I already have, in logfile2. Well, not peer status, but all of the says connected, which is what I'm assuming you are after?
(In reply to Klas Mattsson from comment #21) > I already have, in logfile2. > Well, not peer status, but all of the says connected, which is what I'm > assuming you are after? Right. We will deep dive into it more. Thanks Klas.
Please tell me if you need any more info, up to and including the .deb files being used.
Hi Klas, I tried to reproduce the issue again on my vm environment.I am able to reproduce the issue but behavior is slightly different what you were facing. I am not getting any FLUSH () ERR logs but after restart glusterfsd mount connection turns into stale. After debug the issue at client side more why it is hanged i found that it is happening due to thread_reaper code in socket_poller thread in case of SSL. The issue is already known and it is fixed in mainline branch(http://review.gluster.org/#/c/14694/) soon it will be merge in release-3.7 and 3.8 also. I have tested the patch after apply the fix it is working in my environment. For the time being let me know if you want to test the patch then i will share rpms. Before test the patch i want to share the disclaimer , it is only for testing purpose not for production system. Regards Mohit Agrawal
Ah, ok. Sounds good. I assume this will be in 3.7.14 or something along those lines as well? Building my own packages atm.

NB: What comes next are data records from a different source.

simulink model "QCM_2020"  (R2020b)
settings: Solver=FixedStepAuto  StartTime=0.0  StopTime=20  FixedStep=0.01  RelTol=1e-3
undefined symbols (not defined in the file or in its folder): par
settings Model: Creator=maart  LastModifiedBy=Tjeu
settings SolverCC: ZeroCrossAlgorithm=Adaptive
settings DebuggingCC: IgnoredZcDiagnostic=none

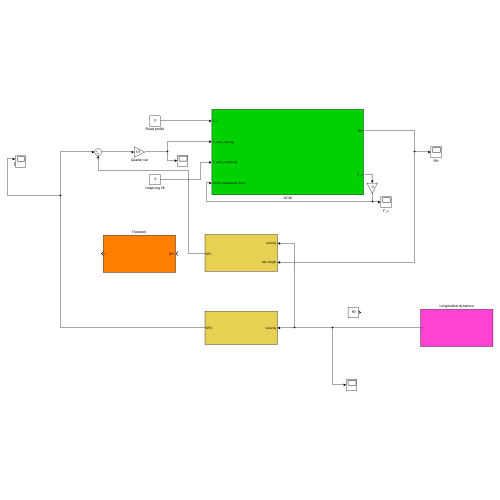
[thumbnail: Simulink's stored preview of the top-level diagram]
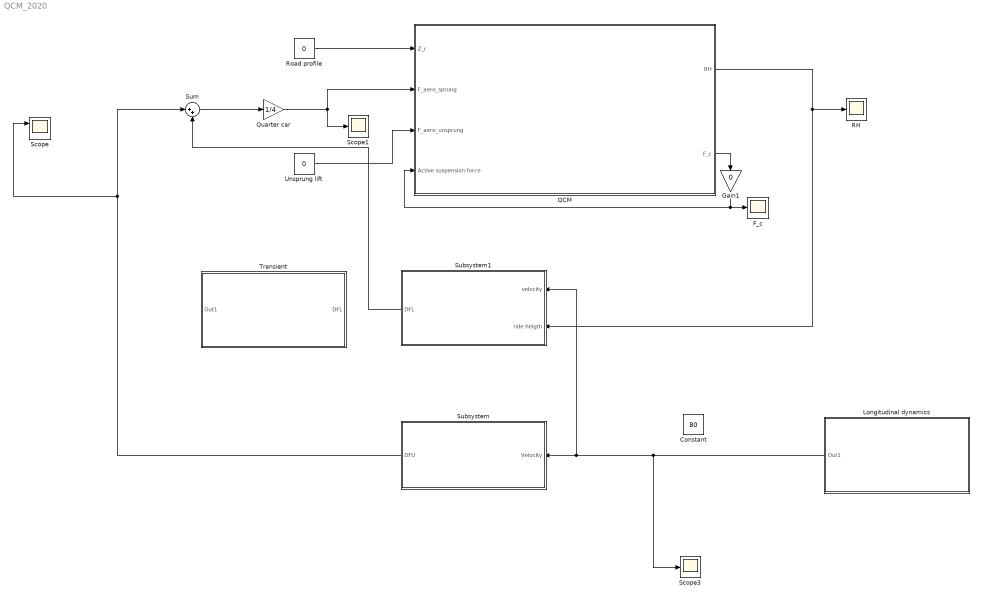
== system QCM_2020 ==
  Constant : Constant  Value=80
  F_c : Scope
  Gain1 : Gain  Gain=0
  Longitudinal dynamics : Subsystem
  QCM : Subsystem
  Quarter car : Gain  Gain=1/4
  RH : Scope
  Road profile : Constant  Value=0
  Scope : Scope  NumInputPorts=2
  Scope1 : Scope
  Scope3 : Scope
  Subsystem : Subsystem
  Subsystem1 : Subsystem
  Sum : Sum  Inputs=|++
  "Transient " : Subsystem
  Unsprung lift : Constant  Value=0
  wires:
  Road profile/1 -> QCM/1(Z_r)
  Unsprung lift/1 -> QCM/3(F_aero_unsprung)
  Sum/1 -> Quarter car/1
  QCM/1(RH) -> Subsystem1/2(ride heigth), RH/1
  Longitudinal dynamics/1(Out1) -> Scope3/1, Subsystem1/1(velocity), Subsystem/1(Velocity)
  Quarter car/1 -> Scope1/1, QCM/2(F_aero_sprung)
  Subsystem/1(DFU) -> Scope/1, Sum/1
  QCM/2(F_c) -> Gain1/1
  Gain1/1 -> QCM/4(Active suspension force), F_c/1
  Subsystem1/1(DFL) -> Sum/2

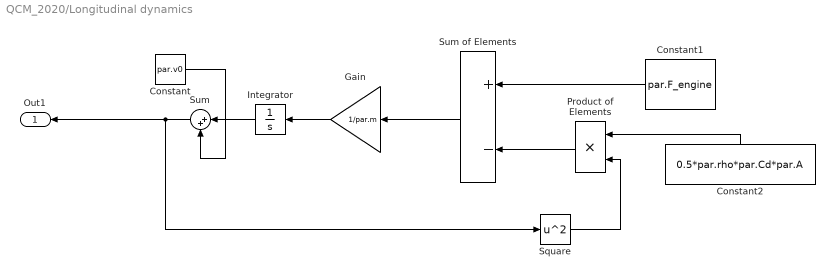
== system QCM_2020/Longitudinal dynamics ==
  Constant : Constant  Value=par.v0
  Constant1 : Constant  Value=par.F_engine
  Constant2 : Constant  Value=0.5*par.rho*par.Cd*par.A
  Gain : Gain  Gain=1/par.m
  Integrator : Integrator
  Product of Elements : Product  Inputs=**
  Square : Math  Operator=square  SaturateOnIntegerOverflow=on
  Sum : Sum  Inputs=|++
  Sum of Elements : Sum  Inputs=+-
  Out1 : Outport
  wires:
  Constant1/1 -> Sum of Elements/1
  Sum of Elements/1 -> Gain/1
  Gain/1 -> Integrator/1
  Product of Elements/1 -> Sum of Elements/2
  Integrator/1 -> Sum/1
  Constant/1 -> Sum/2
  Sum/1 -> Square/1, Out1/1
  Constant2/1 -> Product of Elements/1
  Square/1 -> Product of Elements/2

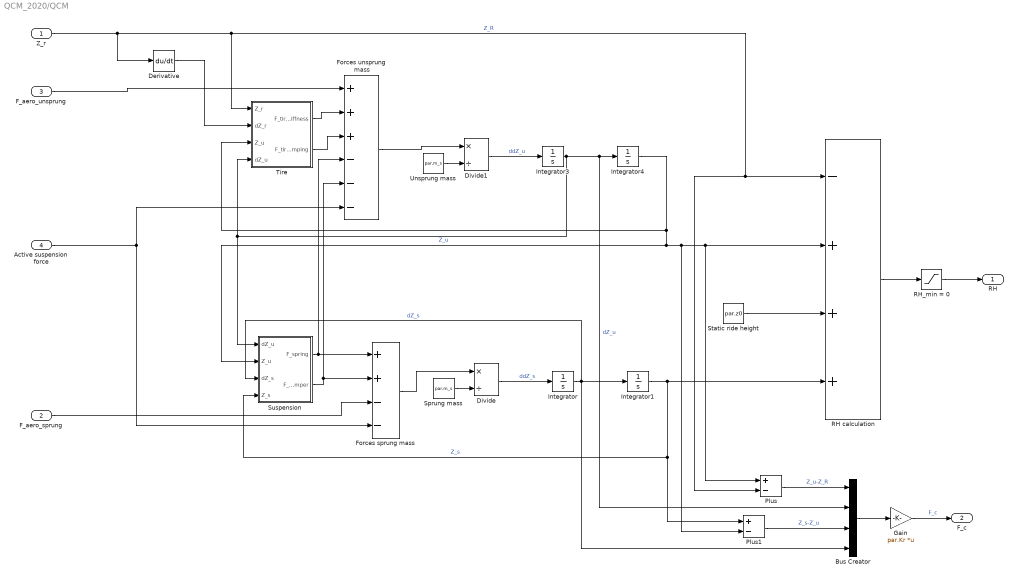
== system QCM_2020/QCM ==
  Z_r : Inport
  F_aero_sprung : Inport  Port=2
  F_aero_unsprung : Inport  Port=3
  Active suspension force : Inport  Port=4
  Bus Creator : BusCreator  Inputs=4
  Derivative : Derivative
  Divide : Product  Inputs=*/
  Divide1 : Product  Inputs=*/
  Forces sprung mass : Sum  Inputs=++--
  Forces unsprung mass : Sum  Inputs=+++---
  Gain : Gain  Gain=par.Kr  Multiplication=Matrix(K*u)
  Integrator{,1,3..4} (4 alike) : Integrator
  Plus : Sum  Inputs=+-
  Plus1 : Sum  Inputs=+-
  RH calculation : Sum  Inputs=-+++
  RH_min = 0 : Saturate  UpperLimit=inf  LowerLimit=0
  Sprung mass : Constant  Value=par.m_s
  Static ride height : Constant  Value=par.z0
  Suspension : Subsystem
  Tire : Subsystem
  Unsprung mass : Constant  Value=par.m_s
  RH : Outport
  F_c : Outport  Port=2
  wires:
  Forces sprung mass/1 -> Divide/1
  Sprung mass/1 -> Divide/2
  Divide/1 -> Integrator/1  "ddZ_s"
  Integrator/1 -> Bus Creator/4, Suspension/3(dZ_s), Integrator1/1  "dZ_s"
  Integrator1/1 -> Plus1/1, Suspension/4(Z_s), RH calculation/4  "Z_s"
  F_aero_sprung/1 -> Forces sprung mass/3
  Integrator3/1 -> Bus Creator/2, Integrator4/1, Tire/4(dZ_u), Suspension/1(dZ_u)  "dZ_u"
  Integrator4/1 -> Tire/3(Z_u), Plus1/2, Plus/1, RH calculation/2, Suspension/2(Z_u)  "Z_u"
  Unsprung mass/1 -> Divide1/2
  Divide1/1 -> Integrator3/1  "ddZ_u"
  Forces unsprung mass/1 -> Divide1/1
  Static ride height/1 -> RH calculation/3
  Z_r/1 -> Derivative/1, Tire/1(Z_r), RH calculation/1, Plus/2  "Z_R"
  Suspension/1(F_spring) -> Forces unsprung mass/4, Forces sprung mass/1
  Suspension/2(F_damper) -> Forces unsprung mass/5, Forces sprung mass/2
  Tire/2(F_tire_damping) -> Forces unsprung mass/3
  Tire/1(F_tire_stiffness) -> Forces unsprung mass/2
  F_aero_unsprung/1 -> Forces unsprung mass/1
  Derivative/1 -> Tire/2(dZ_r)
  RH calculation/1 -> RH_min = 0/1
  RH_min = 0/1 -> RH/1
  Active suspension force/1 -> Forces sprung mass/4, Forces unsprung mass/6
  Plus/1 -> Bus Creator/1  "Z_u-Z_R"
  Plus1/1 -> Bus Creator/3  "Z_s-Z_u"
  Bus Creator/1 -> Gain/1
  Gain/1 -> F_c/1  "F_c"

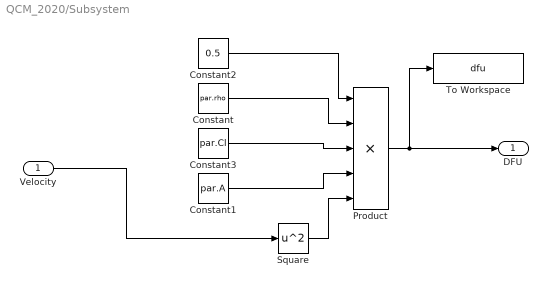
== system QCM_2020/Subsystem ==
  Velocity : Inport
  Constant : Constant  Value=par.rho
  Constant1 : Constant  Value=par.A
  Constant2 : Constant  Value=0.5
  Constant3 : Constant  Value=par.Cl
  Product : Product  Inputs=5
  Square : Math  Operator=square  SaturateOnIntegerOverflow=on
  To Workspace : ToWorkspace  VariableName=dfu  SaveFormat=Timeseries  SampleTime=-1
  DFU : Outport
  wires:
  Constant2/1 -> Product/1
  Constant/1 -> Product/2
  Constant1/1 -> Product/4
  Constant3/1 -> Product/3
  Square/1 -> Product/5
  Product/1 -> DFU/1, To Workspace/1
  Velocity/1 -> Square/1

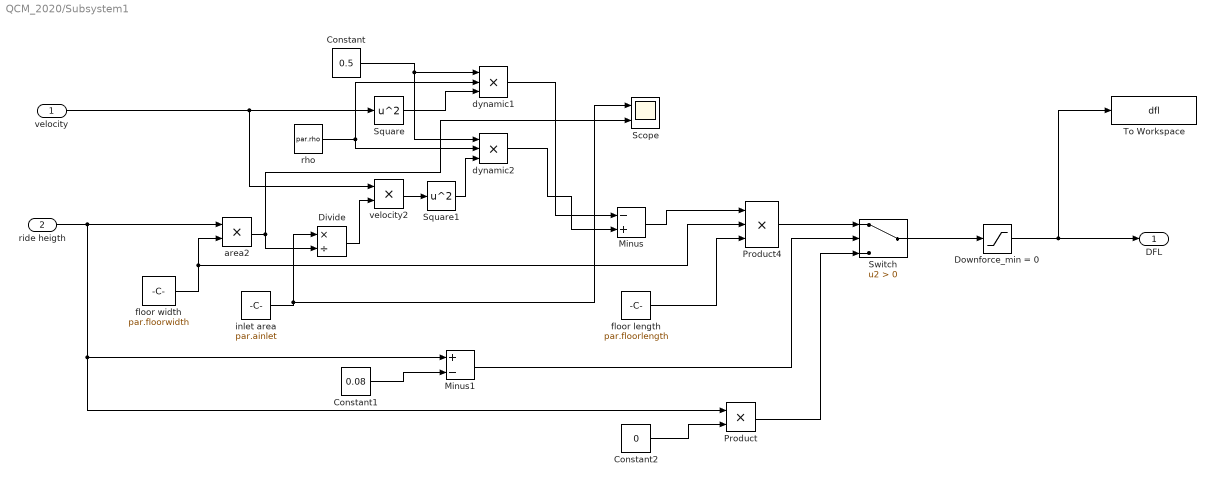
== system QCM_2020/Subsystem1 ==
  velocity : Inport
  ride heigth : Inport  Port=2
  Constant : Constant  Value=0.5
  Constant1 : Constant  Value=0.08
  Constant2 : Constant  Value=0
  Divide : Product  Inputs=*/
  Downforce_min = 0 : Saturate  UpperLimit=Inf  LowerLimit=0
  Minus : Sum  Inputs=-+
  Minus1 : Sum  Inputs=+-
  Product : Product
  Product4 : Product  Inputs=3
  Scope : Scope  NumInputPorts=2
  Square : Math  Operator=square  SaturateOnIntegerOverflow=on
  Square1 : Math  Operator=square  SaturateOnIntegerOverflow=on
  Switch : Switch  Criteria=u2 > Threshold
  To Workspace : ToWorkspace  VariableName=dfl  SaveFormat=Timeseries  SampleTime=-1
  area2 : Product
  dynamic1 : Product  Inputs=3
  dynamic2 : Product  Inputs=3
  floor length : Constant  Value=par.floorlength
  floor width : Constant  Value=par.floorwidth
  inlet area : Constant  Value=par.ainlet
  rho : Constant  Value=par.rho
  velocity2 : Product
  DFL : Outport
  wires:
  Square1/1 -> dynamic2/3
  dynamic1/1 -> Minus/1
  Divide/1 -> velocity2/2
  area2/1 -> Scope/2, Divide/2
  rho/1 -> dynamic1/2, dynamic2/2
  floor width/1 -> Product4/2, area2/2
  velocity/1 -> Square/1, velocity2/1
  dynamic2/1 -> Minus/2
  floor length/1 -> Product4/3
  Minus/1 -> Product4/1
  Square/1 -> dynamic1/3
  Constant/1 -> dynamic2/1, dynamic1/1
  ride heigth/1 -> Product/1, Minus1/1, area2/1
  velocity2/1 -> Square1/1
  inlet area/1 -> Scope/1, Divide/1
  Constant1/1 -> Minus1/2
  Minus1/1 -> Switch/2
  Constant2/1 -> Product/2
  Product/1 -> Switch/3
  Downforce_min = 0/1 -> To Workspace/1, DFL/1
  Product4/1 -> Switch/1
  Switch/1 -> Downforce_min = 0/1

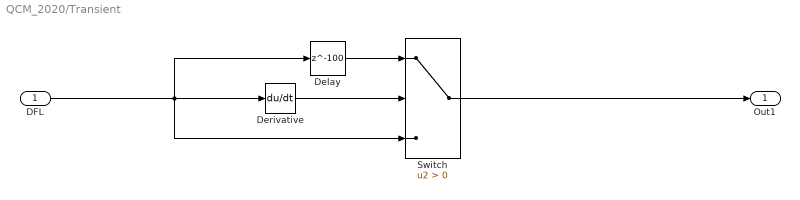
== system QCM_2020/Transient  ==
  DFL : Inport
  Delay : Delay  DelayLength=100
  Derivative : Derivative
  Switch : Switch  Criteria=u2 > Threshold
  Out1 : Outport
  wires:
  DFL/1 -> Switch/3, Delay/1, Derivative/1
  Derivative/1 -> Switch/2
  Delay/1 -> Switch/1
  Switch/1 -> Out1/1

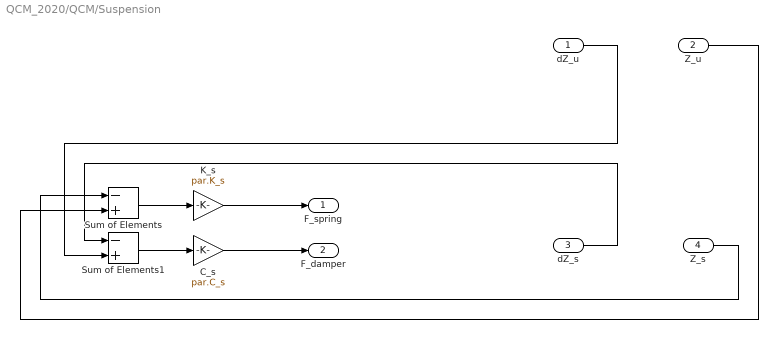
== system QCM_2020/QCM/Suspension ==
  dZ_u : Inport
  Z_u : Inport  Port=2
  dZ_s : Inport  Port=3
  Z_s : Inport  Port=4
  C_s : Gain  Gain=par.C_s
  K_s : Gain  Gain=par.K_s
  Sum of Elements : Sum  Inputs=-+
  Sum of Elements1 : Sum  Inputs=-+
  F_spring : Outport
  F_damper : Outport  Port=2
  wires:
  Z_s/1 -> Sum of Elements/1
  Sum of Elements/1 -> K_s/1
  Sum of Elements1/1 -> C_s/1
  K_s/1 -> F_spring/1
  dZ_u/1 -> Sum of Elements1/2
  Z_u/1 -> Sum of Elements/2
  C_s/1 -> F_damper/1
  dZ_s/1 -> Sum of Elements1/1

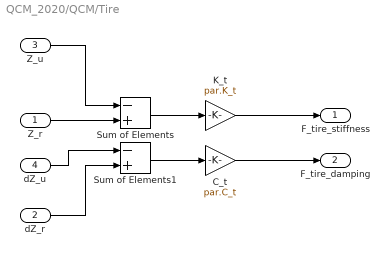
== system QCM_2020/QCM/Tire ==
  Z_r : Inport
  dZ_r : Inport  Port=2
  Z_u : Inport  Port=3
  dZ_u : Inport  Port=4
  C_t : Gain  Gain=par.C_t
  K_t : Gain  Gain=par.K_t
  Sum of Elements : Sum  Inputs=-+
  Sum of Elements1 : Sum  Inputs=-+
  F_tire_stiffness : Outport
  F_tire_damping : Outport  Port=2
  wires:
  Sum of Elements/1 -> K_t/1
  Sum of Elements1/1 -> C_t/1
  K_t/1 -> F_tire_stiffness/1
  C_t/1 -> F_tire_damping/1
  Z_u/1 -> Sum of Elements/1
  Z_r/1 -> Sum of Elements/2
  dZ_u/1 -> Sum of Elements1/1
  dZ_r/1 -> Sum of Elements1/2

Hi Klas, Do you have any update? Did you face the issue again after apply the patch? Regards Mohit Agrawal
Hi, Patch is merged from below upstream commit http://review.gluster.org/#/c/14886/ Regards Mohit Agrawal
Hi, Great, I've built new packages with 3.7.14 and I can't reproduce that error anymore =) Took a while since I was on a vacation. Good job!
Hmm, unfortunately, I was wrong. It still persists.
Can you please share the logs? Thanks Mohit Agrawal
Ah, sorry, checked again, new bug, not full reproducible. I will make a new bug report once I've narrowed it down, if I can.
This bug is getting closed because GlusteFS-3.7 has reached its end-of-life. Note: This bug is being closed using a script. No verification has been performed to check if it still exists on newer releases of GlusterFS. If this bug still exists in newer GlusterFS releases, please reopen this bug against the newer release.